Mercieca reportedly also worked at three Broward County churches: St. Henry in Pompano Beach from 1987 to 1993, St. Coleman in Pompano Beach from 1970 to 1973 and St. Ambrose in Deerfield Beach from 1985 to 1987.

At St. Henry, a small complex tucked into an industrial neighborhood near Interstate 95, Louise DiPretroro, the church's bookkeeper, said she had been instructed to refer inquiries about Mercieca to the Archdiocese of Miami.

St. Coleman, on North Federal Highway, is a much larger complex than St. Henry and includes a school with more than 600 students. The Rev. Thomas Foudy, the current pastor, said he arrived after Mercieca left.

He said the parish has had a lot of turnover among its congregants and that anyone who worked at the church more than three decades ago would be retired or dead.

"I never heard any negative remarks on Father Mercieca - rumors or complaints or anything of the sort," he said.

At St. Ambrose, a few miles north on Federal Highway, a large tent held dozens of pumpkins for a Halloween sale. A clerk said no one who would have known Mercieca still works there.

It is not clear whether the priest's story will soften public opinion on Foley.

Bill Brooks, a Palm Beach councilman who was Foley's guidance counselor in his freshman year at Cardinal Newman High, said he hates to see bad things happen to anyone. But the revelation doesn't change his feelings.

"Mark's own words are that he is not using it as an excuse," Brooks said.

Samuel Popkin, a University of California, San Diego, political science professor and an expert in voting behavior, said the admission from the priest will not likely gain the former Republican congressman much public sympathy.

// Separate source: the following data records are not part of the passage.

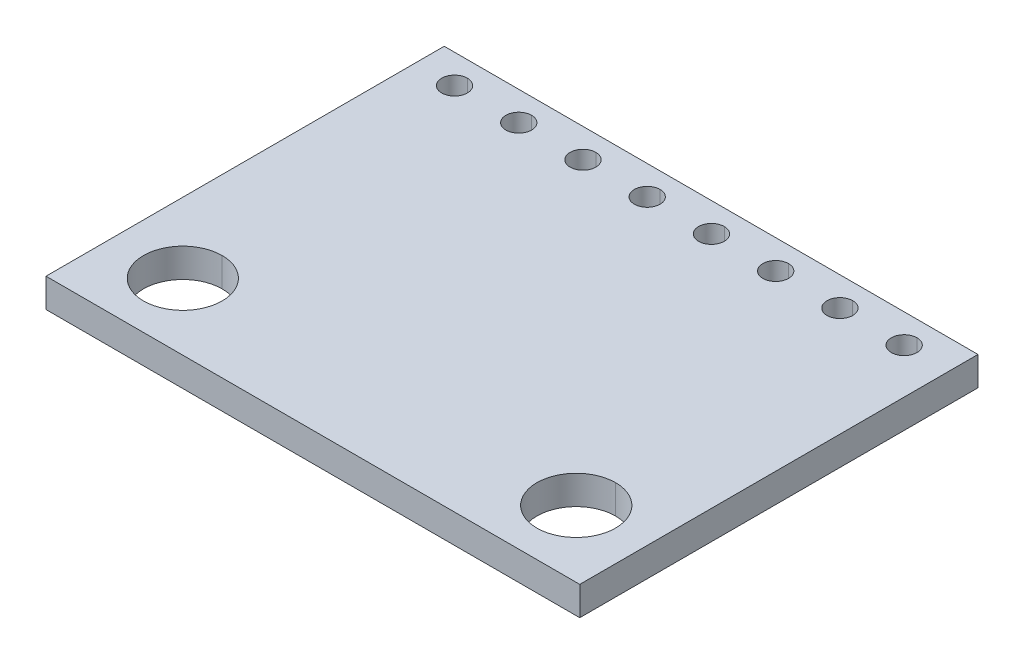
ISO-10303-21;
HEADER;
FILE_DESCRIPTION(('STEP AP214'),'2;1');
FILE_NAME('part.step','',(''),(''),'','','');
FILE_SCHEMA(('AUTOMOTIVE_DESIGN { 1 0 10303 214 1 1 1 1 }'));
ENDSEC;
DATA;
#1=APPLICATION_CONTEXT('core data for automotive mechanical design processes');
#2=APPLICATION_PROTOCOL_DEFINITION('international standard','automotive_design',2000,#1);
#3=PRODUCT_CONTEXT('',#1,'mechanical');
#4=PRODUCT('Part','Part','',(#3));
#5=PRODUCT_RELATED_PRODUCT_CATEGORY('part','',(#4));
#6=PRODUCT_DEFINITION_FORMATION('','',#4);
#7=PRODUCT_DEFINITION_CONTEXT('part definition',#1,'design');
#8=PRODUCT_DEFINITION('design','',#6,#7);
#9=PRODUCT_DEFINITION_SHAPE('','',#8);
#10=(LENGTH_UNIT() NAMED_UNIT(*) SI_UNIT(.MILLI.,.METRE.));
#11=(NAMED_UNIT(*) PLANE_ANGLE_UNIT() SI_UNIT($,.RADIAN.));
#12=(NAMED_UNIT(*) SI_UNIT($,.STERADIAN.) SOLID_ANGLE_UNIT());
#13=UNCERTAINTY_MEASURE_WITH_UNIT(LENGTH_MEASURE(1.E-05),#10,'distance_accuracy_value','');
#14=(GEOMETRIC_REPRESENTATION_CONTEXT(3) GLOBAL_UNCERTAINTY_ASSIGNED_CONTEXT((#13)) GLOBAL_UNIT_ASSIGNED_CONTEXT((#10,
#11,#12)) REPRESENTATION_CONTEXT('',''));
#15=CARTESIAN_POINT('',(0.,0.,0.));
#16=DIRECTION('',(0.,0.,1.));
#17=DIRECTION('',(1.,0.,0.));
#18=AXIS2_PLACEMENT_3D('',#15,#16,#17);
#19=CARTESIAN_POINT('',(8.7757,0.5715,-6.731));
#20=DIRECTION('',(0.,-1.,0.));
#21=DIRECTION('',(0.,0.,-1.));
#22=AXIS2_PLACEMENT_3D('',#19,#20,#21);
#23=CYLINDRICAL_SURFACE('',#22,0.508);
#24=DIRECTION('',(0.,-1.,0.));
#25=VECTOR('',#24,1.);
#26=CARTESIAN_POINT('',(8.7757,0.5715,-6.223));
#27=LINE('',#26,#25);
#28=CARTESIAN_POINT('',(8.7757,0.5715,-6.223));
#29=VERTEX_POINT('',#28);
#30=CARTESIAN_POINT('',(8.7757,-0.5715,-6.223));
#31=VERTEX_POINT('',#30);
#32=EDGE_CURVE('E352',#29,#31,#27,.T.);
#33=ORIENTED_EDGE('',*,*,#32,.F.);
#34=CARTESIAN_POINT('',(8.7757,0.5715,-6.731));
#35=DIRECTION('',(0.,1.,0.));
#36=DIRECTION('',(0.,0.,1.));
#37=AXIS2_PLACEMENT_3D('',#34,#35,#36);
#38=CIRCLE('',#37,0.508);
#39=CARTESIAN_POINT('',(8.7757,0.5715,-7.239));
#40=VERTEX_POINT('',#39);
#41=EDGE_CURVE('E236',#29,#40,#38,.T.);
#42=ORIENTED_EDGE('',*,*,#41,.T.);
#43=DIRECTION('',(0.,-1.,0.));
#44=VECTOR('',#43,1.);
#45=CARTESIAN_POINT('',(8.7757,0.5715,-7.239));
#46=LINE('',#45,#44);
#47=CARTESIAN_POINT('',(8.7757,-0.5715,-7.239));
#48=VERTEX_POINT('',#47);
#49=EDGE_CURVE('E448',#40,#48,#46,.T.);
#50=ORIENTED_EDGE('',*,*,#49,.T.);
#51=CARTESIAN_POINT('',(8.7757,-0.5715,-6.731));
#52=DIRECTION('',(0.,1.,0.));
#53=DIRECTION('',(0.,0.,1.));
#54=AXIS2_PLACEMENT_3D('',#51,#52,#53);
#55=CIRCLE('',#54,0.508);
#56=EDGE_CURVE('E318',#31,#48,#55,.T.);
#57=ORIENTED_EDGE('',*,*,#56,.F.);
#58=EDGE_LOOP('',(#33,#42,#50,#57));
#59=FACE_BOUND('',#58,.T.);
#60=ADVANCED_FACE('F18',(#59),#23,.F.);
#61=CARTESIAN_POINT('',(6.2357,0.5715,-6.731));
#62=DIRECTION('',(0.,-1.,0.));
#63=DIRECTION('',(0.,0.,-1.));
#64=AXIS2_PLACEMENT_3D('',#61,#62,#63);
#65=CYLINDRICAL_SURFACE('',#64,0.508);
#66=DIRECTION('',(0.,-1.,0.));
#67=VECTOR('',#66,1.);
#68=CARTESIAN_POINT('',(6.2357,0.5715,-6.223));
#69=LINE('',#68,#67);
#70=CARTESIAN_POINT('',(6.2357,0.5715,-6.223));
#71=VERTEX_POINT('',#70);
#72=CARTESIAN_POINT('',(6.2357,-0.5715,-6.223));
#73=VERTEX_POINT('',#72);
#74=EDGE_CURVE('E363',#71,#73,#69,.T.);
#75=ORIENTED_EDGE('',*,*,#74,.F.);
#76=CARTESIAN_POINT('',(6.2357,0.5715,-6.731));
#77=DIRECTION('',(0.,1.,0.));
#78=DIRECTION('',(0.,0.,1.));
#79=AXIS2_PLACEMENT_3D('',#76,#77,#78);
#80=CIRCLE('',#79,0.508);
#81=CARTESIAN_POINT('',(6.2357,0.5715,-7.239));
#82=VERTEX_POINT('',#81);
#83=EDGE_CURVE('E276',#71,#82,#80,.T.);
#84=ORIENTED_EDGE('',*,*,#83,.T.);
#85=DIRECTION('',(0.,-1.,0.));
#86=VECTOR('',#85,1.);
#87=CARTESIAN_POINT('',(6.2357,0.5715,-7.239));
#88=LINE('',#87,#86);
#89=CARTESIAN_POINT('',(6.2357,-0.5715,-7.239));
#90=VERTEX_POINT('',#89);
#91=EDGE_CURVE('E250',#82,#90,#88,.T.);
#92=ORIENTED_EDGE('',*,*,#91,.T.);
#93=CARTESIAN_POINT('',(6.2357,-0.5715,-6.731));
#94=DIRECTION('',(0.,1.,0.));
#95=DIRECTION('',(0.,0.,1.));
#96=AXIS2_PLACEMENT_3D('',#93,#94,#95);
#97=CIRCLE('',#96,0.508);
#98=EDGE_CURVE('E325',#73,#90,#97,.T.);
#99=ORIENTED_EDGE('',*,*,#98,.F.);
#100=EDGE_LOOP('',(#75,#84,#92,#99));
#101=FACE_BOUND('',#100,.T.);
#102=ADVANCED_FACE('F605',(#101),#65,.F.);
#103=CARTESIAN_POINT('',(3.6957,0.5715,-6.731));
#104=DIRECTION('',(0.,-1.,0.));
#105=DIRECTION('',(0.,0.,-1.));
#106=AXIS2_PLACEMENT_3D('',#103,#104,#105);
#107=CYLINDRICAL_SURFACE('',#106,0.508);
#108=DIRECTION('',(0.,-1.,0.));
#109=VECTOR('',#108,1.);
#110=CARTESIAN_POINT('',(3.6957,0.5715,-6.223));
#111=LINE('',#110,#109);
#112=CARTESIAN_POINT('',(3.6957,0.5715,-6.223));
#113=VERTEX_POINT('',#112);
#114=CARTESIAN_POINT('',(3.6957,-0.5715,-6.223));
#115=VERTEX_POINT('',#114);
#116=EDGE_CURVE('E233',#113,#115,#111,.T.);
#117=ORIENTED_EDGE('',*,*,#116,.F.);
#118=CARTESIAN_POINT('',(3.6957,0.5715,-6.731));
#119=DIRECTION('',(0.,1.,0.));
#120=DIRECTION('',(0.,0.,1.));
#121=AXIS2_PLACEMENT_3D('',#118,#119,#120);
#122=CIRCLE('',#121,0.508);
#123=CARTESIAN_POINT('',(3.6957,0.5715,-7.239));
#124=VERTEX_POINT('',#123);
#125=EDGE_CURVE('E222',#113,#124,#122,.T.);
#126=ORIENTED_EDGE('',*,*,#125,.T.);
#127=DIRECTION('',(0.,-1.,0.));
#128=VECTOR('',#127,1.);
#129=CARTESIAN_POINT('',(3.6957,0.5715,-7.239));
#130=LINE('',#129,#128);
#131=CARTESIAN_POINT('',(3.6957,-0.5715,-7.239));
#132=VERTEX_POINT('',#131);
#133=EDGE_CURVE('E230',#124,#132,#130,.T.);
#134=ORIENTED_EDGE('',*,*,#133,.T.);
#135=CARTESIAN_POINT('',(3.6957,-0.5715,-6.731));
#136=DIRECTION('',(0.,1.,0.));
#137=DIRECTION('',(0.,0.,1.));
#138=AXIS2_PLACEMENT_3D('',#135,#136,#137);
#139=CIRCLE('',#138,0.508);
#140=EDGE_CURVE('E321',#115,#132,#139,.T.);
#141=ORIENTED_EDGE('',*,*,#140,.F.);
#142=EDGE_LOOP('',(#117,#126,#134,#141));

"This is the party that says, 'We don't take sociology as an excuse for bad behavior,' " Popkin said. "So he was abused by a priest. I don't think many people are going to blame that for his sexual orientation or use it to excuse him for what he did with other children."

Thursday's news "doesn't change how he behaved toward pages or the fact that he had to resign in disgrace," National Republican Congressional Committee spokesman Alex Burgos said.